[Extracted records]
----

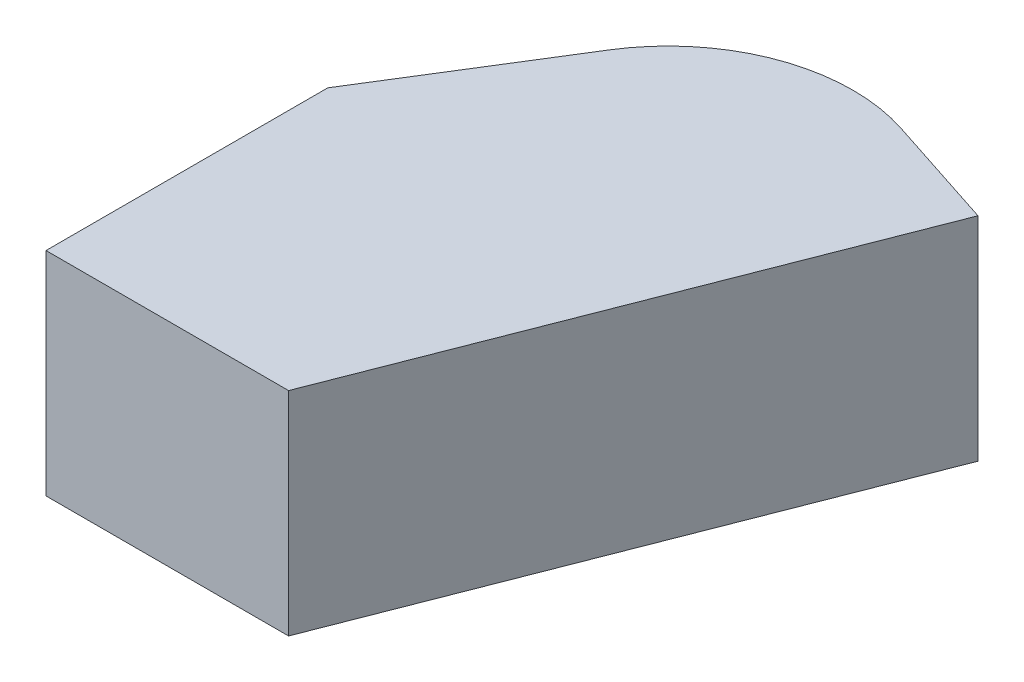
ISO-10303-21;
HEADER;
FILE_DESCRIPTION(('STEP AP214'),'2;1');
FILE_NAME('part.step','',(''),(''),'','','');
FILE_SCHEMA(('AUTOMOTIVE_DESIGN { 1 0 10303 214 1 1 1 1 }'));
ENDSEC;
DATA;
#1=APPLICATION_CONTEXT('core data for automotive mechanical design processes');
#2=APPLICATION_PROTOCOL_DEFINITION('international standard','automotive_design',2000,#1);
#3=PRODUCT_CONTEXT('',#1,'mechanical');
#4=PRODUCT('Part','Part','',(#3));
#5=PRODUCT_RELATED_PRODUCT_CATEGORY('part','',(#4));
#6=PRODUCT_DEFINITION_FORMATION('','',#4);
#7=PRODUCT_DEFINITION_CONTEXT('part definition',#1,'design');
#8=PRODUCT_DEFINITION('design','',#6,#7);
#9=PRODUCT_DEFINITION_SHAPE('','',#8);
#10=(LENGTH_UNIT() NAMED_UNIT(*) SI_UNIT(.MILLI.,.METRE.));
#11=(NAMED_UNIT(*) PLANE_ANGLE_UNIT() SI_UNIT($,.RADIAN.));
#12=(NAMED_UNIT(*) SI_UNIT($,.STERADIAN.) SOLID_ANGLE_UNIT());
#13=UNCERTAINTY_MEASURE_WITH_UNIT(LENGTH_MEASURE(1.E-05),#10,'distance_accuracy_value','');
#14=(GEOMETRIC_REPRESENTATION_CONTEXT(3) GLOBAL_UNCERTAINTY_ASSIGNED_CONTEXT((#13)) GLOBAL_UNIT_ASSIGNED_CONTEXT((#10,
#11,#12)) REPRESENTATION_CONTEXT('',''));
#15=CARTESIAN_POINT('',(0.,0.,0.));
#16=DIRECTION('',(0.,0.,1.));
#17=DIRECTION('',(1.,0.,0.));
#18=AXIS2_PLACEMENT_3D('',#15,#16,#17);
#19=CARTESIAN_POINT('',(-66.6737685117542,58.42,0.));
#20=DIRECTION('',(1.,0.,0.));
#21=DIRECTION('',(0.,0.,-1.));
#22=AXIS2_PLACEMENT_3D('',#19,#20,#21);
#23=PLANE('',#22);
#24=DIRECTION('',(0.,0.,1.));
#25=VECTOR('',#24,1.);
#26=CARTESIAN_POINT('',(-66.6737685117542,0.,0.));
#27=LINE('',#26,#25);
#28=CARTESIAN_POINT('',(-66.6737685117542,0.,0.));
#29=VERTEX_POINT('',#28);
#30=CARTESIAN_POINT('',(-66.6737685117542,0.,77.4518589102709));
#31=VERTEX_POINT('',#30);
#32=EDGE_CURVE('E117',#29,#31,#27,.T.);
#33=ORIENTED_EDGE('',*,*,#32,.T.);
#34=DIRECTION('',(0.,-1.,0.));
#35=VECTOR('',#34,1.);
#36=CARTESIAN_POINT('',(-66.6737685117542,58.42,77.4518589102709));
#37=LINE('',#36,#35);
#38=CARTESIAN_POINT('',(-66.6737685117542,58.42,77.4518589102709));
#39=VERTEX_POINT('',#38);
#40=EDGE_CURVE('E11',#39,#31,#37,.T.);
#41=ORIENTED_EDGE('',*,*,#40,.F.);
#42=DIRECTION('',(0.,0.,1.));
#43=VECTOR('',#42,1.);
#44=CARTESIAN_POINT('',(-66.6737685117542,58.42,0.));
#45=LINE('',#44,#43);
#46=CARTESIAN_POINT('',(-66.6737685117542,58.42,0.));
#47=VERTEX_POINT('',#46);
#48=EDGE_CURVE('E127',#47,#39,#45,.T.);
#49=ORIENTED_EDGE('',*,*,#48,.F.);
#50=DIRECTION('',(0.,-1.,0.));
#51=VECTOR('',#50,1.);
#52=CARTESIAN_POINT('',(-66.6737685117542,58.42,0.));
#53=LINE('',#52,#51);
#54=EDGE_CURVE('E113',#47,#29,#53,.T.);
#55=ORIENTED_EDGE('',*,*,#54,.T.);
#56=EDGE_LOOP('',(#33,#41,#49,#55));
#57=FACE_BOUND('',#56,.T.);
#58=ADVANCED_FACE('F33',(#57),#23,.F.);
#59=CARTESIAN_POINT('',(0.,58.42,77.4518589102709));
#60=DIRECTION('',(0.,0.,-1.));
#61=DIRECTION('',(-1.,0.,0.));
#62=AXIS2_PLACEMENT_3D('',#59,#60,#61);
#63=PLANE('',#62);
#64=DIRECTION('',(1.,0.,0.));
#65=VECTOR('',#64,1.);
#66=CARTESIAN_POINT('',(0.,0.,77.4518589102709));
#67=LINE('',#66,#65);
#68=CARTESIAN_POINT('',(0.,0.,77.4518589102709));
#69=VERTEX_POINT('',#68);
#70=EDGE_CURVE('E120',#31,#69,#67,.T.);
#71=ORIENTED_EDGE('',*,*,#70,.T.);
#72=DIRECTION('',(0.,-1.,0.));
#73=VECTOR('',#72,1.);
#74=CARTESIAN_POINT('',(0.,58.42,77.4518589102709));
#75=LINE('',#74,#73);
#76=CARTESIAN_POINT('',(0.,58.42,77.4518589102709));
#77=VERTEX_POINT('',#76);
#78=EDGE_CURVE('E41',#77,#69,#75,.T.);
#79=ORIENTED_EDGE('',*,*,#78,.F.);
#80=DIRECTION('',(1.,0.,0.));
#81=VECTOR('',#80,1.);
#82=CARTESIAN_POINT('',(0.,58.42,77.4518589102709));
#83=LINE('',#82,#81);
#84=EDGE_CURVE('E86',#39,#77,#83,.T.);
#85=ORIENTED_EDGE('',*,*,#84,.F.);
#86=ORIENTED_EDGE('',*,*,#40,.T.);
#87=EDGE_LOOP('',(#71,#79,#85,#86));
#88=FACE_BOUND('',#87,.T.);
#89=ADVANCED_FACE('F151',(#88),#63,.F.);
#90=CARTESIAN_POINT('',(53.1384921973379,58.42,-58.9035172942189));
#91=DIRECTION('',(-0.93174729177176,0.,-0.363107400469877));
#92=DIRECTION('',(-0.363107400469877,0.,0.93174729177176));
#93=AXIS2_PLACEMENT_3D('',#90,#91,#92);
#94=PLANE('',#93);
#95=DIRECTION('',(0.363107400469877,0.,-0.93174729177176));
#96=VECTOR('',#95,1.);
#97=CARTESIAN_POINT('',(53.1384921973379,0.,-58.9035172942189));
#98=LINE('',#97,#96);
#99=CARTESIAN_POINT('',(53.1384921973379,0.,-58.9035172942189));
#100=VERTEX_POINT('',#99);
#101=EDGE_CURVE('E122',#69,#100,#98,.T.);
#102=ORIENTED_EDGE('',*,*,#101,.T.);
#103=DIRECTION('',(0.,-1.,0.));
#104=VECTOR('',#103,1.);
#105=CARTESIAN_POINT('',(53.1384921973379,58.42,-58.9035172942189));
#106=LINE('',#105,#104);
#107=CARTESIAN_POINT('',(53.1384921973379,58.42,-58.9035172942189));
#108=VERTEX_POINT('',#107);
#109=EDGE_CURVE('E108',#108,#100,#106,.T.);
#110=ORIENTED_EDGE('',*,*,#109,.F.);
#111=DIRECTION('',(0.363107400469877,0.,-0.93174729177176));
#112=VECTOR('',#111,1.);
#113=CARTESIAN_POINT('',(53.1384921973379,58.42,-58.9035172942189));
#114=LINE('',#113,#112);
#115=EDGE_CURVE('E99',#77,#108,#114,.T.);
#116=ORIENTED_EDGE('',*,*,#115,.F.);
#117=ORIENTED_EDGE('',*,*,#78,.T.);
#118=EDGE_LOOP('',(#102,#110,#116,#117));
#119=FACE_BOUND('',#118,.T.);
#120=ADVANCED_FACE('F133',(#119),#94,.F.);
#121=CARTESIAN_POINT('',(21.8265277700403,58.42,-69.1139404770334));
#122=DIRECTION('',(-0.310020599830917,0.,0.950729839481479));
#123=DIRECTION('',(0.950729839481479,0.,0.310020599830917));
#124=AXIS2_PLACEMENT_3D('',#121,#122,#123);
#125=PLANE('',#124);
#126=DIRECTION('',(-0.950729839481479,0.,-0.310020599830917));
#127=VECTOR('',#126,1.);
#128=CARTESIAN_POINT('',(21.8265277700403,0.,-69.1139404770334));
#129=LINE('',#128,#127);
#130=CARTESIAN_POINT('',(21.8265277700403,0.,-69.1139404770334));
#131=VERTEX_POINT('',#130);
#132=EDGE_CURVE('E107',#100,#131,#129,.T.);
#133=ORIENTED_EDGE('',*,*,#132,.T.);
#134=DIRECTION('',(0.,-1.,0.));
#135=VECTOR('',#134,1.);
#136=CARTESIAN_POINT('',(21.8265277700403,58.42,-69.1139404770334));
#137=LINE('',#136,#135);
#138=CARTESIAN_POINT('',(21.8265277700403,58.42,-69.1139404770334));
#139=VERTEX_POINT('',#138);
#140=EDGE_CURVE('E104',#139,#131,#137,.T.);
#141=ORIENTED_EDGE('',*,*,#140,.F.);
#142=DIRECTION('',(-0.950729839481479,0.,-0.310020599830917));
#143=VECTOR('',#142,1.);
#144=CARTESIAN_POINT('',(21.8265277700403,58.42,-69.1139404770334));
#145=LINE('',#144,#143);
#146=EDGE_CURVE('E93',#108,#139,#145,.T.);
#147=ORIENTED_EDGE('',*,*,#146,.F.);
#148=ORIENTED_EDGE('',*,*,#109,.T.);
#149=EDGE_LOOP('',(#133,#141,#147,#148));
#150=FACE_BOUND('',#149,.T.);
#151=ADVANCED_FACE('F105',(#150),#125,.F.);
#152=CARTESIAN_POINT('',(6.07748129862949,58.42,-20.8168646313743));
#153=DIRECTION('',(0.,-1.,0.));
#154=DIRECTION('',(0.,0.,-1.));
#155=AXIS2_PLACEMENT_3D('',#152,#153,#154);
#156=CYLINDRICAL_SURFACE('',#155,50.8);
#157=CARTESIAN_POINT('',(6.07748129862949,0.,-20.8168646313743));
#158=DIRECTION('',(0.,1.,0.));
#159=DIRECTION('',(0.,0.,-1.));
#160=AXIS2_PLACEMENT_3D('',#157,#158,#159);
#161=CIRCLE('',#160,50.8);
#162=CARTESIAN_POINT('',(-37.0678218733656,0.,-47.6333299875063));
#163=VERTEX_POINT('',#162);
#164=EDGE_CURVE('E72',#131,#163,#161,.T.);
#165=ORIENTED_EDGE('',*,*,#164,.T.);
#166=DIRECTION('',(0.,-1.,0.));
#167=VECTOR('',#166,1.);
#168=CARTESIAN_POINT('',(-37.0678218733656,58.42,-47.6333299875063));
#169=LINE('',#168,#167);
#170=CARTESIAN_POINT('',(-37.0678218733656,58.42,-47.6333299875063));
#171=VERTEX_POINT('',#170);
#172=EDGE_CURVE('E109',#171,#163,#169,.T.);
#173=ORIENTED_EDGE('',*,*,#172,.F.);
#174=CARTESIAN_POINT('',(6.07748129862949,58.42,-20.8168646313743));
#175=DIRECTION('',(0.,1.,0.));
#176=DIRECTION('',(0.,0.,-1.));
#177=AXIS2_PLACEMENT_3D('',#174,#175,#176);
#178=CIRCLE('',#177,50.8);
#179=EDGE_CURVE('E97',#139,#171,#178,.T.);
#180=ORIENTED_EDGE('',*,*,#179,.F.);
#181=ORIENTED_EDGE('',*,*,#140,.T.);
#182=EDGE_LOOP('',(#165,#173,#180,#181));
#183=FACE_BOUND('',#182,.T.);
#184=ADVANCED_FACE('F111',(#183),#156,.T.);
#185=CARTESIAN_POINT('',(-66.6737685117542,58.42,0.));
#186=DIRECTION('',(0.849316991574704,0.,0.527883176301816));
#187=DIRECTION('',(0.527883176301816,0.,-0.849316991574704));
#188=AXIS2_PLACEMENT_3D('',#185,#186,#187);
#189=PLANE('',#188);
#190=DIRECTION('',(-0.527883176301816,0.,0.849316991574704));
#191=VECTOR('',#190,1.);
#192=CARTESIAN_POINT('',(-66.6737685117542,0.,0.));
#193=LINE('',#192,#191);
#194=EDGE_CURVE('E78',#163,#29,#193,.T.);
#195=ORIENTED_EDGE('',*,*,#194,.T.);
#196=ORIENTED_EDGE('',*,*,#54,.F.);
#197=DIRECTION('',(-0.527883176301816,0.,0.849316991574704));
#198=VECTOR('',#197,1.);
#199=CARTESIAN_POINT('',(-66.6737685117542,58.42,0.));
#200=LINE('',#199,#198);
#201=EDGE_CURVE('E49',#171,#47,#200,.T.);
#202=ORIENTED_EDGE('',*,*,#201,.F.);
#203=ORIENTED_EDGE('',*,*,#172,.T.);
#204=EDGE_LOOP('',(#195,#196,#202,#203));
#205=FACE_BOUND('',#204,.T.);
#206=ADVANCED_FACE('F140',(#205),#189,.F.);
#207=CARTESIAN_POINT('',(6.07748129862949,58.42,-20.8168646313743));
#208=DIRECTION('',(0.,-1.,0.));
#209=DIRECTION('',(0.,0.,-1.));
#210=AXIS2_PLACEMENT_3D('',#207,#208,#209);
#211=PLANE('',#210);
#212=ORIENTED_EDGE('',*,*,#48,.T.);
#213=ORIENTED_EDGE('',*,*,#84,.T.);
#214=ORIENTED_EDGE('',*,*,#115,.T.);
#215=ORIENTED_EDGE('',*,*,#146,.T.);
#216=ORIENTED_EDGE('',*,*,#179,.T.);
#217=ORIENTED_EDGE('',*,*,#201,.T.);
#218=EDGE_LOOP('',(#212,#213,#214,#215,#216,#217));
#219=FACE_BOUND('',#218,.T.);
#220=ADVANCED_FACE('F95',(#219),#211,.F.);
#221=CARTESIAN_POINT('',(6.07748129862949,0.,-20.8168646313743));
#222=DIRECTION('',(0.,-1.,0.));
#223=DIRECTION('',(0.,0.,-1.));
#224=AXIS2_PLACEMENT_3D('',#221,#222,#223);
#225=PLANE('',#224);
#226=ORIENTED_EDGE('',*,*,#32,.F.);
#227=ORIENTED_EDGE('',*,*,#194,.F.);
#228=ORIENTED_EDGE('',*,*,#164,.F.);
#229=ORIENTED_EDGE('',*,*,#132,.F.);
#230=ORIENTED_EDGE('',*,*,#101,.F.);
#231=ORIENTED_EDGE('',*,*,#70,.F.);
#232=EDGE_LOOP('',(#226,#227,#228,#229,#230,#231));
#233=FACE_BOUND('',#232,.T.);
#234=ADVANCED_FACE('F136',(#233),#225,.T.);
#235=CLOSED_SHELL('',(#58,#89,#120,#151,#184,#206,#220,#234));
#236=MANIFOLD_SOLID_BREP('B2',#235);
#237=ADVANCED_BREP_SHAPE_REPRESENTATION('',(#18,#236),#14);
#238=SHAPE_DEFINITION_REPRESENTATION(#9,#237);
ENDSEC;
END-ISO-10303-21;

----

Return only the part of the records above that opens with the line containing "#4=PRODUCT('Part','Part','',(#3));" and closes with the line containing "#37=LINE('',#36,#35);", ends included.

#4=PRODUCT('Part','Part','',(#3));
#5=PRODUCT_RELATED_PRODUCT_CATEGORY('part','',(#4));
#6=PRODUCT_DEFINITION_FORMATION('','',#4);
#7=PRODUCT_DEFINITION_CONTEXT('part definition',#1,'design');
#8=PRODUCT_DEFINITION('design','',#6,#7);
#9=PRODUCT_DEFINITION_SHAPE('','',#8);
#10=(LENGTH_UNIT() NAMED_UNIT(*) SI_UNIT(.MILLI.,.METRE.));
#11=(NAMED_UNIT(*) PLANE_ANGLE_UNIT() SI_UNIT($,.RADIAN.));
#12=(NAMED_UNIT(*) SI_UNIT($,.STERADIAN.) SOLID_ANGLE_UNIT());
#13=UNCERTAINTY_MEASURE_WITH_UNIT(LENGTH_MEASURE(1.E-05),#10,'distance_accuracy_value','');
#14=(GEOMETRIC_REPRESENTATION_CONTEXT(3) GLOBAL_UNCERTAINTY_ASSIGNED_CONTEXT((#13)) GLOBAL_UNIT_ASSIGNED_CONTEXT((#10,
#11,#12)) REPRESENTATION_CONTEXT('',''));
#15=CARTESIAN_POINT('',(0.,0.,0.));
#16=DIRECTION('',(0.,0.,1.));
#17=DIRECTION('',(1.,0.,0.));
#18=AXIS2_PLACEMENT_3D('',#15,#16,#17);
#19=CARTESIAN_POINT('',(-66.6737685117542,58.42,0.));
#20=DIRECTION('',(1.,0.,0.));
#21=DIRECTION('',(0.,0.,-1.));
#22=AXIS2_PLACEMENT_3D('',#19,#20,#21);
#23=PLANE('',#22);
#24=DIRECTION('',(0.,0.,1.));
#25=VECTOR('',#24,1.);
#26=CARTESIAN_POINT('',(-66.6737685117542,0.,0.));
#27=LINE('',#26,#25);
#28=CARTESIAN_POINT('',(-66.6737685117542,0.,0.));
#29=VERTEX_POINT('',#28);
#30=CARTESIAN_POINT('',(-66.6737685117542,0.,77.4518589102709));
#31=VERTEX_POINT('',#30);
#32=EDGE_CURVE('E117',#29,#31,#27,.T.);
#33=ORIENTED_EDGE('',*,*,#32,.T.);
#34=DIRECTION('',(0.,-1.,0.));
#35=VECTOR('',#34,1.);
#36=CARTESIAN_POINT('',(-66.6737685117542,58.42,77.4518589102709));
#37=LINE('',#36,#35);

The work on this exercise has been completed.